Try it: Starting at the line with "LPATTERN4_COUNT_DIR2 = 3" and going on through the line with "# Sketch2 → Boss-Extrude2 (add)", reproduce each line in the records below exactly and nothing more.

Data in this exercise:
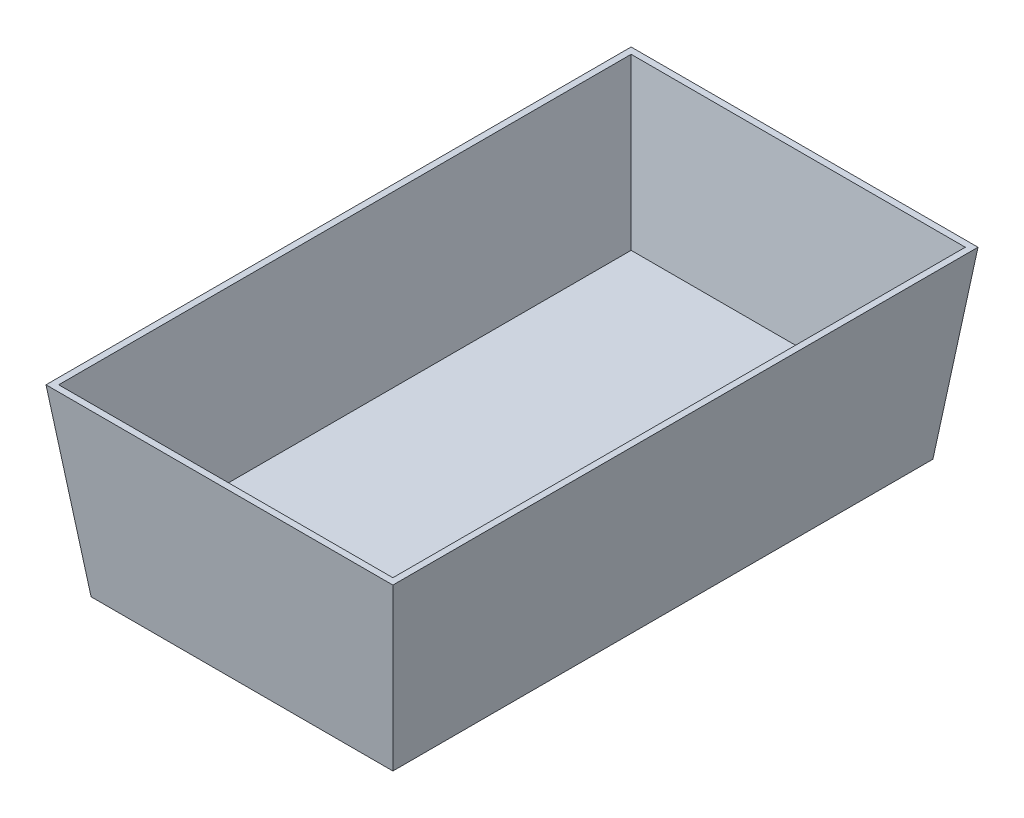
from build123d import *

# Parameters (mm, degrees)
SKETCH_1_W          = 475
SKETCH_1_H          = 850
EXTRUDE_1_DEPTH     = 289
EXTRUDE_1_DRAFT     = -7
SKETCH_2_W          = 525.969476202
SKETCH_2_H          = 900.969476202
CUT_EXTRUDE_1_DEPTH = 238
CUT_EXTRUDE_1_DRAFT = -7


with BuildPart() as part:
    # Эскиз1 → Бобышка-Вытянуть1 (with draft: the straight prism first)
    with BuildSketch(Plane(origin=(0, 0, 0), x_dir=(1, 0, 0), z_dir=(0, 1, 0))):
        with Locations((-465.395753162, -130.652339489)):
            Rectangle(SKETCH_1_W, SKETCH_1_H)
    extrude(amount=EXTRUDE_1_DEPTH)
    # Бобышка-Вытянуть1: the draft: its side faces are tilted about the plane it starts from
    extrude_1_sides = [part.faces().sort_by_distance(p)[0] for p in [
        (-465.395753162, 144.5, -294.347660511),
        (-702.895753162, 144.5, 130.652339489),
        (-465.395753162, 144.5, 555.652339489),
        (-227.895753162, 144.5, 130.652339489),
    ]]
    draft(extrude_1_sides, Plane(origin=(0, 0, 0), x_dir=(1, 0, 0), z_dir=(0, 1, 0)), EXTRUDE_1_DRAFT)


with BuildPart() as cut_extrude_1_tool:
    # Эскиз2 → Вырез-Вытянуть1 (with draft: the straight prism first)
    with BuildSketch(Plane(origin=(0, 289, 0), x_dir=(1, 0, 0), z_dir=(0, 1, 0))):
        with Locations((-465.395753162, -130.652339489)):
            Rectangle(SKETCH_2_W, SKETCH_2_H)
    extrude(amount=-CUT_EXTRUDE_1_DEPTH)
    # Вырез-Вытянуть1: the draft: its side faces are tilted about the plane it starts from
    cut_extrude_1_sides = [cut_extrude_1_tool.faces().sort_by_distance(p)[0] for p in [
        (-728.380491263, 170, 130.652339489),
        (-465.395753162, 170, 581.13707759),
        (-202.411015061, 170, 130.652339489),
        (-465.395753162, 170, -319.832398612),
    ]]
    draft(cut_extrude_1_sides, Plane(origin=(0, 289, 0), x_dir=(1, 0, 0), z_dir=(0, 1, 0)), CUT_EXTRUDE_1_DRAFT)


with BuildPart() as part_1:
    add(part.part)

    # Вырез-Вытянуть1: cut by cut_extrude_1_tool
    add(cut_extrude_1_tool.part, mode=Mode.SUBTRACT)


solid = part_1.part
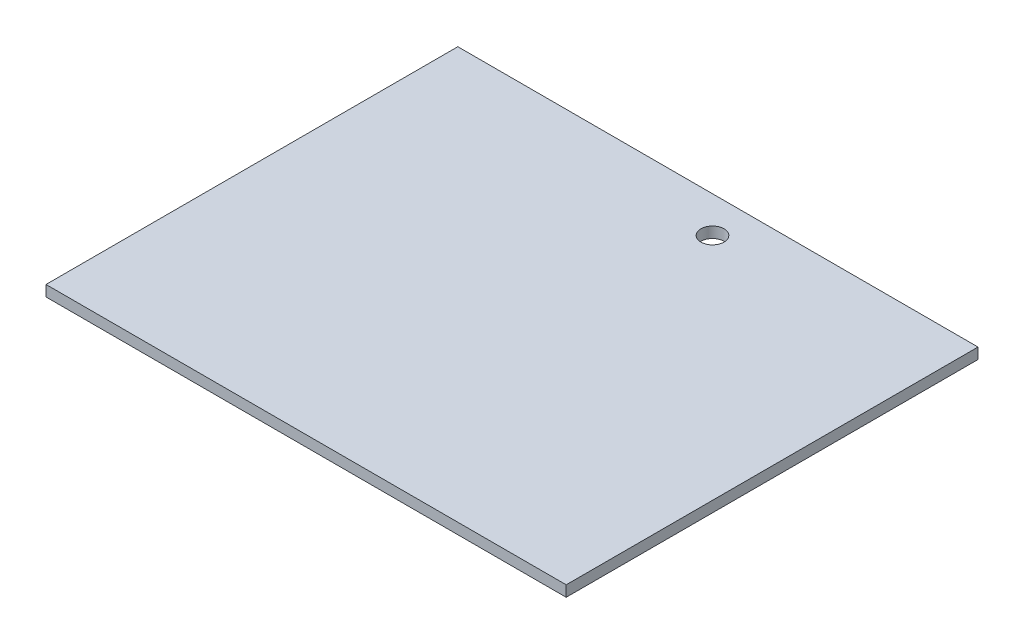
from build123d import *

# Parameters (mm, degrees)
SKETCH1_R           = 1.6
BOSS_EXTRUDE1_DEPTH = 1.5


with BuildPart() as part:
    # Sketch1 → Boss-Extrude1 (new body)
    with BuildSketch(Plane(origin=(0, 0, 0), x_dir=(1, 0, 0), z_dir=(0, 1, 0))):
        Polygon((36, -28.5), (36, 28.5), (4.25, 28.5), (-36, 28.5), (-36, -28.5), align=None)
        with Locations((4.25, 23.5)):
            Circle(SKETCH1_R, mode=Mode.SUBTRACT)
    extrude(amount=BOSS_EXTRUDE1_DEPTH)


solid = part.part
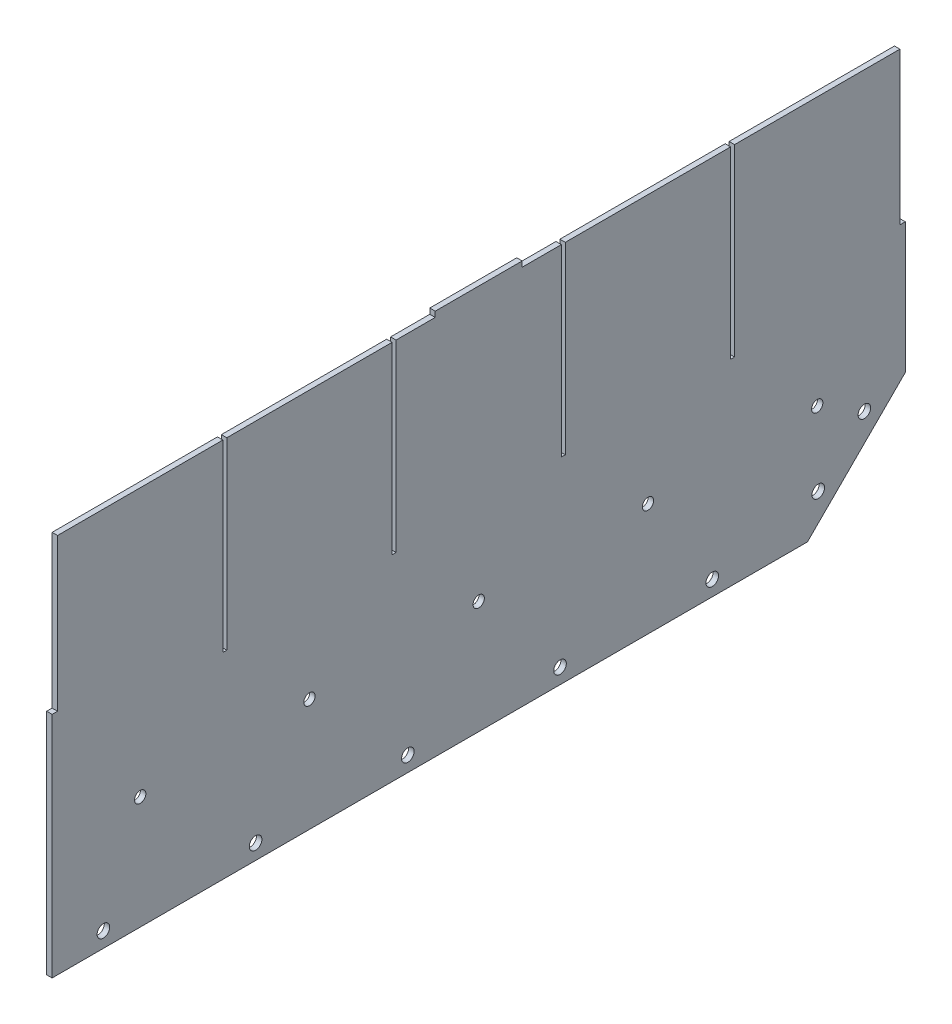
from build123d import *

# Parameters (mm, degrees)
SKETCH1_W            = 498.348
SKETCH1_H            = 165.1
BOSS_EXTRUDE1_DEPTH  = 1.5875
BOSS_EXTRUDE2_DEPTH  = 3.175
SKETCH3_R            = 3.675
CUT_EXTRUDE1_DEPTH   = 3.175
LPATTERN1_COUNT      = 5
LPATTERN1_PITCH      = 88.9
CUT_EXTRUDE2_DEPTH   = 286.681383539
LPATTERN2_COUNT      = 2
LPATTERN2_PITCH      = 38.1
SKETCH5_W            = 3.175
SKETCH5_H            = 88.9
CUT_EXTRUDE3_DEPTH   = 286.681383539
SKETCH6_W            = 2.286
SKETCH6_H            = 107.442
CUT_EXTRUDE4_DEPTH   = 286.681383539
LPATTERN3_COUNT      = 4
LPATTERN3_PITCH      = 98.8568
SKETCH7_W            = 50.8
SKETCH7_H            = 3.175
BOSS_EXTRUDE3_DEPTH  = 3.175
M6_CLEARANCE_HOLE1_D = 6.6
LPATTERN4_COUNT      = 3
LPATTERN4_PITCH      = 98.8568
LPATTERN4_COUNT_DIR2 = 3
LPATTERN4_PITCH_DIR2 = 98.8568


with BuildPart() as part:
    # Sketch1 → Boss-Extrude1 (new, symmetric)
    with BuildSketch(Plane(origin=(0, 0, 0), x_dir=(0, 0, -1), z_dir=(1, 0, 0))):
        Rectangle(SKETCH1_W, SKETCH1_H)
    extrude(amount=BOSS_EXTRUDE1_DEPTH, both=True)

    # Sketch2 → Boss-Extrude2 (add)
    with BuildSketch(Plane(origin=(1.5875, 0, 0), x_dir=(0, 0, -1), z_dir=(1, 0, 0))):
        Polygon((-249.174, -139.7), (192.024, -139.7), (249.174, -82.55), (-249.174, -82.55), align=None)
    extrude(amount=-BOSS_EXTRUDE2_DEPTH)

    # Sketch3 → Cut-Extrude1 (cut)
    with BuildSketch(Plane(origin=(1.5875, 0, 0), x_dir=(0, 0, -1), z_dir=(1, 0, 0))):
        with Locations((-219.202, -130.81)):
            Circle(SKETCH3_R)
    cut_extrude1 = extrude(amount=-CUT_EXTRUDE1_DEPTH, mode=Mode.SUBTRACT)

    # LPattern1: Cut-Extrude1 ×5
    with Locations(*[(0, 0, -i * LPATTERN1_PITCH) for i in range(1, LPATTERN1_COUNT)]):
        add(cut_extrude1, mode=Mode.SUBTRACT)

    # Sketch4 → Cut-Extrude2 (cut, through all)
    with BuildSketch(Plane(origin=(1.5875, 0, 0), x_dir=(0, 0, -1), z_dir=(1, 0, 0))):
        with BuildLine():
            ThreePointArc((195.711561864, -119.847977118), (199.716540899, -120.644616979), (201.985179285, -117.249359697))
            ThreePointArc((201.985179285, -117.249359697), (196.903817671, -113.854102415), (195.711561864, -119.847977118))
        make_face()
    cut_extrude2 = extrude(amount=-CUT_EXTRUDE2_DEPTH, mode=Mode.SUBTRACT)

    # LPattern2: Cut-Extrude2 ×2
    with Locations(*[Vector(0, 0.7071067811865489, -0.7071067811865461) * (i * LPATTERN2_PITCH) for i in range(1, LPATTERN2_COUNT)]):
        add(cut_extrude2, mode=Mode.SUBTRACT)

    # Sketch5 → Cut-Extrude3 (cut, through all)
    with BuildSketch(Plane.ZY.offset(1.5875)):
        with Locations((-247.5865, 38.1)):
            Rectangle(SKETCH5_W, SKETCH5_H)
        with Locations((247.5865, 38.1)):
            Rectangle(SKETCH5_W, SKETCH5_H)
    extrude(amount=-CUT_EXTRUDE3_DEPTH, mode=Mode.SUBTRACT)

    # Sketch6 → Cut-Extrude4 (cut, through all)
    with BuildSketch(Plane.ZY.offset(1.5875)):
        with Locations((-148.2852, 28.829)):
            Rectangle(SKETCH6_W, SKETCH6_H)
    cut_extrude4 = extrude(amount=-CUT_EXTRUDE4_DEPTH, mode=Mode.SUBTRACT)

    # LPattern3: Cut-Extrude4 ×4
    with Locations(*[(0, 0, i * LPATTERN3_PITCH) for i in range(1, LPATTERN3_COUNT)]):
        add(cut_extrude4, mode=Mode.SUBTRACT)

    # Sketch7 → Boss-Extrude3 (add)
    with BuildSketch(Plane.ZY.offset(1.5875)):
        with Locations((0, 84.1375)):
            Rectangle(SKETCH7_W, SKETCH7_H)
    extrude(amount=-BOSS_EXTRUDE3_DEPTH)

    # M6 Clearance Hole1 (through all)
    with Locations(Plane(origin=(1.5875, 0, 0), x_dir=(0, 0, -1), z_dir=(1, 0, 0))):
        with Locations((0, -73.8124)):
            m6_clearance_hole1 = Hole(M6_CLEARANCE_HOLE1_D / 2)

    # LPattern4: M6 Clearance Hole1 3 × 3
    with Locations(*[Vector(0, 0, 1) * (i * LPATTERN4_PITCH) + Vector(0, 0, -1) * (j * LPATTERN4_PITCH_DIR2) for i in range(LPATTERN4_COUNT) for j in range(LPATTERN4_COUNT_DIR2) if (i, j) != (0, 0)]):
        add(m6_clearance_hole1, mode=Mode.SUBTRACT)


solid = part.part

Solution:
LPATTERN4_COUNT_DIR2 = 3
LPATTERN4_PITCH_DIR2 = 98.8568


with BuildPart() as part:
    # Sketch1 → Boss-Extrude1 (new, symmetric)
    with BuildSketch(Plane(origin=(0, 0, 0), x_dir=(0, 0, -1), z_dir=(1, 0, 0))):
        Rectangle(SKETCH1_W, SKETCH1_H)
    extrude(amount=BOSS_EXTRUDE1_DEPTH, both=True)

    # Sketch2 → Boss-Extrude2 (add)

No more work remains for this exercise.